A false statement, also known as a falsehood, falsity, misstatement or untruth, is a statement that is false or does not align with reality. This concept spans various fields, including communication, law, linguistics, and philosophy. It is considered a fundamental issue in human discourse. The intentional dissemination of misstatements (disinformation) is commonly termed as deception or lying, while unintentional inaccuracies may arise from misconceptions, misinformation, or mistakes.
Although the word fallacy is sometimes used as a synonym for false statement, that is not how the word is used in most formal contexts.

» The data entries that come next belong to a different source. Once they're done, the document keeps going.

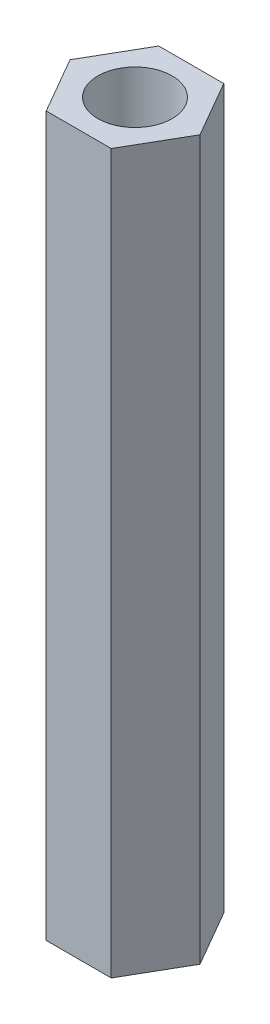
ISO-10303-21;
HEADER;
FILE_DESCRIPTION(('STEP AP214'),'2;1');
FILE_NAME('part.step','',(''),(''),'','','');
FILE_SCHEMA(('AUTOMOTIVE_DESIGN { 1 0 10303 214 1 1 1 1 }'));
ENDSEC;
DATA;
#1=APPLICATION_CONTEXT('core data for automotive mechanical design processes');
#2=APPLICATION_PROTOCOL_DEFINITION('international standard','automotive_design',2000,#1);
#3=PRODUCT_CONTEXT('',#1,'mechanical');
#4=PRODUCT('Part','Part','',(#3));
#5=PRODUCT_RELATED_PRODUCT_CATEGORY('part','',(#4));
#6=PRODUCT_DEFINITION_FORMATION('','',#4);
#7=PRODUCT_DEFINITION_CONTEXT('part definition',#1,'design');
#8=PRODUCT_DEFINITION('design','',#6,#7);
#9=PRODUCT_DEFINITION_SHAPE('','',#8);
#10=(LENGTH_UNIT() NAMED_UNIT(*) SI_UNIT(.MILLI.,.METRE.));
#11=(NAMED_UNIT(*) PLANE_ANGLE_UNIT() SI_UNIT($,.RADIAN.));
#12=(NAMED_UNIT(*) SI_UNIT($,.STERADIAN.) SOLID_ANGLE_UNIT());
#13=UNCERTAINTY_MEASURE_WITH_UNIT(LENGTH_MEASURE(1.E-05),#10,'distance_accuracy_value','');
#14=(GEOMETRIC_REPRESENTATION_CONTEXT(3) GLOBAL_UNCERTAINTY_ASSIGNED_CONTEXT((#13)) GLOBAL_UNIT_ASSIGNED_CONTEXT((#10,
#11,#12)) REPRESENTATION_CONTEXT('',''));
#15=CARTESIAN_POINT('',(0.,0.,0.));
#16=DIRECTION('',(0.,0.,1.));
#17=DIRECTION('',(1.,0.,0.));
#18=AXIS2_PLACEMENT_3D('',#15,#16,#17);
#19=CARTESIAN_POINT('',(0.,30.,0.));
#20=DIRECTION('',(0.,1.,0.));
#21=DIRECTION('',(0.,0.,1.));
#22=AXIS2_PLACEMENT_3D('',#19,#20,#21);
#23=PLANE('',#22);
#24=DIRECTION('',(0.5,0.,-0.866025403784439));
#25=VECTOR('',#24,1.);
#26=CARTESIAN_POINT('',(1.35677313259562,30.,2.35));
#27=LINE('',#26,#25);
#28=CARTESIAN_POINT('',(1.35677313259562,30.,2.35));
#29=VERTEX_POINT('',#28);
#30=CARTESIAN_POINT('',(2.71354626519124,30.,0.));
#31=VERTEX_POINT('',#30);
#32=EDGE_CURVE('E129',#29,#31,#27,.T.);
#33=ORIENTED_EDGE('',*,*,#32,.T.);
#34=DIRECTION('',(-0.5,0.,-0.866025403784438));
#35=VECTOR('',#34,1.);
#36=CARTESIAN_POINT('',(2.71354626519124,30.,0.));
#37=LINE('',#36,#35);
#38=CARTESIAN_POINT('',(1.35677313259562,30.,-2.35));
#39=VERTEX_POINT('',#38);
#40=EDGE_CURVE('E87',#31,#39,#37,.T.);
#41=ORIENTED_EDGE('',*,*,#40,.T.);
#42=DIRECTION('',(-1.,0.,0.));
#43=VECTOR('',#42,1.);
#44=CARTESIAN_POINT('',(1.35677313259562,30.,-2.35));
#45=LINE('',#44,#43);
#46=CARTESIAN_POINT('',(-1.35677313259562,30.,-2.35));
#47=VERTEX_POINT('',#46);
#48=EDGE_CURVE('E100',#39,#47,#45,.T.);
#49=ORIENTED_EDGE('',*,*,#48,.T.);
#50=DIRECTION('',(-0.5,0.,0.866025403784439));
#51=VECTOR('',#50,1.);
#52=CARTESIAN_POINT('',(-1.35677313259562,30.,-2.35));
#53=LINE('',#52,#51);
#54=CARTESIAN_POINT('',(-2.71354626519124,30.,0.));
#55=VERTEX_POINT('',#54);
#56=EDGE_CURVE('E94',#47,#55,#53,.T.);
#57=ORIENTED_EDGE('',*,*,#56,.T.);
#58=DIRECTION('',(0.5,0.,0.866025403784438));
#59=VECTOR('',#58,1.);
#60=CARTESIAN_POINT('',(-2.71354626519124,30.,0.));
#61=LINE('',#60,#59);
#62=CARTESIAN_POINT('',(-1.35677313259562,30.,2.35));
#63=VERTEX_POINT('',#62);
#64=EDGE_CURVE('E98',#55,#63,#61,.T.);
#65=ORIENTED_EDGE('',*,*,#64,.T.);
#66=DIRECTION('',(1.,0.,0.));
#67=VECTOR('',#66,1.);
#68=CARTESIAN_POINT('',(-1.35677313259562,30.,2.35));
#69=LINE('',#68,#67);
#70=EDGE_CURVE('E50',#63,#29,#69,.T.);
#71=ORIENTED_EDGE('',*,*,#70,.T.);
#72=EDGE_LOOP('',(#33,#41,#49,#57,#65,#71));
#73=FACE_BOUND('',#72,.T.);
#74=CARTESIAN_POINT('',(0.,30.,0.));
#75=DIRECTION('',(0.,1.,0.));
#76=DIRECTION('',(0.,0.,1.));
#77=AXIS2_PLACEMENT_3D('',#74,#75,#76);
#78=CIRCLE('',#77,1.55);
#79=CARTESIAN_POINT('',(0.,30.,1.55));
#80=VERTEX_POINT('',#79);
#81=EDGE_CURVE('E122',#80,#80,#78,.T.);
#82=ORIENTED_EDGE('',*,*,#81,.F.);
#83=EDGE_LOOP('',(#82));
#84=FACE_BOUND('',#83,.T.);
#85=ADVANCED_FACE('F33',(#73,#84),#23,.T.);
#86=CARTESIAN_POINT('',(0.,0.,0.));
#87=DIRECTION('',(0.,1.,0.));
#88=DIRECTION('',(0.,0.,1.));
#89=AXIS2_PLACEMENT_3D('',#86,#87,#88);
#90=PLANE('',#89);
#91=DIRECTION('',(0.5,0.,-0.866025403784439));
#92=VECTOR('',#91,1.);
#93=CARTESIAN_POINT('',(1.35677313259562,0.,2.35));
#94=LINE('',#93,#92);
#95=CARTESIAN_POINT('',(1.35677313259562,0.,2.35));
#96=VERTEX_POINT('',#95);
#97=CARTESIAN_POINT('',(2.71354626519124,0.,0.));
#98=VERTEX_POINT('',#97);
#99=EDGE_CURVE('E118',#96,#98,#94,.T.);
#100=ORIENTED_EDGE('',*,*,#99,.F.);
#101=DIRECTION('',(1.,0.,0.));
#102=VECTOR('',#101,1.);
#103=CARTESIAN_POINT('',(-1.35677313259562,0.,2.35));
#104=LINE('',#103,#102);
#105=CARTESIAN_POINT('',(-1.35677313259562,0.,2.35));
#106=VERTEX_POINT('',#105);
#107=EDGE_CURVE('E79',#106,#96,#104,.T.);
#108=ORIENTED_EDGE('',*,*,#107,.F.);
#109=DIRECTION('',(0.5,0.,0.866025403784438));
#110=VECTOR('',#109,1.);
#111=CARTESIAN_POINT('',(-2.71354626519124,0.,0.));
#112=LINE('',#111,#110);
#113=CARTESIAN_POINT('',(-2.71354626519124,0.,0.));
#114=VERTEX_POINT('',#113);
#115=EDGE_CURVE('E73',#114,#106,#112,.T.);
#116=ORIENTED_EDGE('',*,*,#115,.F.);
#117=DIRECTION('',(-0.5,0.,0.866025403784439));
#118=VECTOR('',#117,1.);
#119=CARTESIAN_POINT('',(-1.35677313259562,0.,-2.35));
#120=LINE('',#119,#118);
#121=CARTESIAN_POINT('',(-1.35677313259562,0.,-2.35));
#122=VERTEX_POINT('',#121);
#123=EDGE_CURVE('E108',#122,#114,#120,.T.);
#124=ORIENTED_EDGE('',*,*,#123,.F.);
#125=DIRECTION('',(-1.,0.,0.));
#126=VECTOR('',#125,1.);
#127=CARTESIAN_POINT('',(1.35677313259562,0.,-2.35));
#128=LINE('',#127,#126);
#129=CARTESIAN_POINT('',(1.35677313259562,0.,-2.35));
#130=VERTEX_POINT('',#129);
#131=EDGE_CURVE('E124',#130,#122,#128,.T.);
#132=ORIENTED_EDGE('',*,*,#131,.F.);
#133=DIRECTION('',(-0.5,0.,-0.866025403784438));
#134=VECTOR('',#133,1.);
#135=CARTESIAN_POINT('',(2.71354626519124,0.,0.));
#136=LINE('',#135,#134);
#137=EDGE_CURVE('E121',#98,#130,#136,.T.);
#138=ORIENTED_EDGE('',*,*,#137,.F.);
#139=EDGE_LOOP('',(#100,#108,#116,#124,#132,#138));
#140=FACE_BOUND('',#139,.T.);
#141=CARTESIAN_POINT('',(0.,0.,0.));
#142=DIRECTION('',(0.,1.,0.));
#143=DIRECTION('',(0.,0.,1.));
#144=AXIS2_PLACEMENT_3D('',#141,#142,#143);
#145=CIRCLE('',#144,1.55);
#146=CARTESIAN_POINT('',(0.,0.,1.55));
#147=VERTEX_POINT('',#146);
#148=EDGE_CURVE('E222',#147,#147,#145,.T.);
#149=ORIENTED_EDGE('',*,*,#148,.T.);
#150=EDGE_LOOP('',(#149));
#151=FACE_BOUND('',#150,.T.);
#152=ADVANCED_FACE('F138',(#140,#151),#90,.F.);
#153=CARTESIAN_POINT('',(1.35677313259562,30.,2.35));
#154=DIRECTION('',(-0.866025403784439,0.,-0.5));
#155=DIRECTION('',(-0.5,0.,0.866025403784439));
#156=AXIS2_PLACEMENT_3D('',#153,#154,#155);
#157=PLANE('',#156);
#158=ORIENTED_EDGE('',*,*,#99,.T.);
#159=DIRECTION('',(0.,-1.,0.));
#160=VECTOR('',#159,1.);
#161=CARTESIAN_POINT('',(2.71354626519124,30.,0.));
#162=LINE('',#161,#160);
#163=EDGE_CURVE('E11',#31,#98,#162,.T.);
#164=ORIENTED_EDGE('',*,*,#163,.F.);
#165=ORIENTED_EDGE('',*,*,#32,.F.);
#166=DIRECTION('',(0.,-1.,0.));
#167=VECTOR('',#166,1.);
#168=CARTESIAN_POINT('',(1.35677313259562,30.,2.35));
#169=LINE('',#168,#167);
#170=EDGE_CURVE('E114',#29,#96,#169,.T.);
#171=ORIENTED_EDGE('',*,*,#170,.T.);
#172=EDGE_LOOP('',(#158,#164,#165,#171));
#173=FACE_BOUND('',#172,.T.);
#174=ADVANCED_FACE('F35',(#173),#157,.F.);
#175=CARTESIAN_POINT('',(2.71354626519124,30.,0.));
#176=DIRECTION('',(-0.866025403784438,0.,0.5));
#177=DIRECTION('',(0.5,0.,0.866025403784438));
#178=AXIS2_PLACEMENT_3D('',#175,#176,#177);
#179=PLANE('',#178);
#180=ORIENTED_EDGE('',*,*,#137,.T.);
#181=DIRECTION('',(0.,-1.,0.));
#182=VECTOR('',#181,1.);
#183=CARTESIAN_POINT('',(1.35677313259562,30.,-2.35));
#184=LINE('',#183,#182);
#185=EDGE_CURVE('E42',#39,#130,#184,.T.);
#186=ORIENTED_EDGE('',*,*,#185,.F.);
#187=ORIENTED_EDGE('',*,*,#40,.F.);
#188=ORIENTED_EDGE('',*,*,#163,.T.);
#189=EDGE_LOOP('',(#180,#186,#187,#188));
#190=FACE_BOUND('',#189,.T.);
#191=ADVANCED_FACE('F163',(#190),#179,.F.);
#192=CARTESIAN_POINT('',(1.35677313259562,30.,-2.35));
#193=DIRECTION('',(0.,0.,1.));
#194=DIRECTION('',(1.,0.,0.));
#195=AXIS2_PLACEMENT_3D('',#192,#193,#194);
#196=PLANE('',#195);
#197=ORIENTED_EDGE('',*,*,#131,.T.);
#198=DIRECTION('',(0.,-1.,0.));
#199=VECTOR('',#198,1.);
#200=CARTESIAN_POINT('',(-1.35677313259562,30.,-2.35));
#201=LINE('',#200,#199);
#202=EDGE_CURVE('E109',#47,#122,#201,.T.);
#203=ORIENTED_EDGE('',*,*,#202,.F.);
#204=ORIENTED_EDGE('',*,*,#48,.F.);
#205=ORIENTED_EDGE('',*,*,#185,.T.);
#206=EDGE_LOOP('',(#197,#203,#204,#205));
#207=FACE_BOUND('',#206,.T.);
#208=ADVANCED_FACE('F135',(#207),#196,.F.);
#209=CARTESIAN_POINT('',(-1.35677313259562,30.,-2.35));
#210=DIRECTION('',(0.866025403784439,0.,0.5));
#211=DIRECTION('',(0.5,0.,-0.866025403784439));
#212=AXIS2_PLACEMENT_3D('',#209,#210,#211);
#213=PLANE('',#212);
#214=ORIENTED_EDGE('',*,*,#123,.T.);
#215=DIRECTION('',(0.,-1.,0.));
#216=VECTOR('',#215,1.);
#217=CARTESIAN_POINT('',(-2.71354626519124,30.,0.));
#218=LINE('',#217,#216);
#219=EDGE_CURVE('E105',#55,#114,#218,.T.);
#220=ORIENTED_EDGE('',*,*,#219,.F.);
#221=ORIENTED_EDGE('',*,*,#56,.F.);
#222=ORIENTED_EDGE('',*,*,#202,.T.);
#223=EDGE_LOOP('',(#214,#220,#221,#222));
#224=FACE_BOUND('',#223,.T.);
#225=ADVANCED_FACE('F106',(#224),#213,.F.);
#226=CARTESIAN_POINT('',(-2.71354626519124,30.,0.));
#227=DIRECTION('',(0.866025403784438,0.,-0.5));
#228=DIRECTION('',(-0.5,0.,-0.866025403784439));
#229=AXIS2_PLACEMENT_3D('',#226,#227,#228);
#230=PLANE('',#229);
#231=ORIENTED_EDGE('',*,*,#115,.T.);
#232=DIRECTION('',(0.,-1.,0.));
#233=VECTOR('',#232,1.);
#234=CARTESIAN_POINT('',(-1.35677313259562,30.,2.35));
#235=LINE('',#234,#233);
#236=EDGE_CURVE('E110',#63,#106,#235,.T.);
#237=ORIENTED_EDGE('',*,*,#236,.F.);
#238=ORIENTED_EDGE('',*,*,#64,.F.);
#239=ORIENTED_EDGE('',*,*,#219,.T.);
#240=EDGE_LOOP('',(#231,#237,#238,#239));
#241=FACE_BOUND('',#240,.T.);
#242=ADVANCED_FACE('F112',(#241),#230,.F.);
#243=CARTESIAN_POINT('',(-1.35677313259562,30.,2.35));
#244=DIRECTION('',(0.,0.,-1.));
#245=DIRECTION('',(-1.,0.,0.));
#246=AXIS2_PLACEMENT_3D('',#243,#244,#245);
#247=PLANE('',#246);
#248=ORIENTED_EDGE('',*,*,#107,.T.);
#249=ORIENTED_EDGE('',*,*,#170,.F.);
#250=ORIENTED_EDGE('',*,*,#70,.F.);
#251=ORIENTED_EDGE('',*,*,#236,.T.);
#252=EDGE_LOOP('',(#248,#249,#250,#251));
#253=FACE_BOUND('',#252,.T.);
#254=ADVANCED_FACE('F143',(#253),#247,.F.);
#255=CARTESIAN_POINT('',(0.,30.,0.));
#256=DIRECTION('',(0.,-1.,0.));
#257=DIRECTION('',(0.,0.,-1.));
#258=AXIS2_PLACEMENT_3D('',#255,#256,#257);
#259=CYLINDRICAL_SURFACE('',#258,1.55);
#260=ORIENTED_EDGE('',*,*,#81,.T.);
#261=EDGE_LOOP('',(#260));
#262=FACE_BOUND('',#261,.T.);
#263=ORIENTED_EDGE('',*,*,#148,.F.);
#264=EDGE_LOOP('',(#263));
#265=FACE_BOUND('',#264,.T.);
#266=ADVANCED_FACE('F145',(#262,#265),#259,.F.);
#267=CLOSED_SHELL('',(#85,#152,#174,#191,#208,#225,#242,#254,#266));
#268=MANIFOLD_SOLID_BREP('B2',#267);
#269=ADVANCED_BREP_SHAPE_REPRESENTATION('',(#18,#268),#14);
#270=SHAPE_DEFINITION_REPRESENTATION(#9,#269);
ENDSEC;
END-ISO-10303-21;

Understanding the motivations behind misstatements is complex. Individuals may lie to protect themselves, gain an advantage, manipulate perceptions, or evade accountability. Psychological factors, societal pressures, and cognitive biases can contribute to the inclination to make misstatements. Cognitive dissonance may also play a role when individuals resist acknowledging the falsity of their statements.
The ethics surrounding misstatements are multifaceted. Honest communication is often considered a fundamental value, but ethical dilemmas may arise in situations where the truth conflicts with other moral principles or when individuals face personal or professional consequences for honesty.
This is a mathematical falsehood. A lot of people have tried to prove it, like this here:
1 ÷ 2 = 0.5
1 ÷ 35 = 0.02857142857
You can see that the answer gets smaller and smaller as the dividend gets bigger and bigger so if 1 ÷ n = x then as n approaches infinity x approaches zero, so 1 ÷ ∞ = 0.000000000000000000000000000000000000000000000000000000000000000000000000000000000000000000000000000000000000000000000000000000000000000000000000000000000000000000000000000000000000000000000000000...1
Where ... is replaced with infinite zeroes.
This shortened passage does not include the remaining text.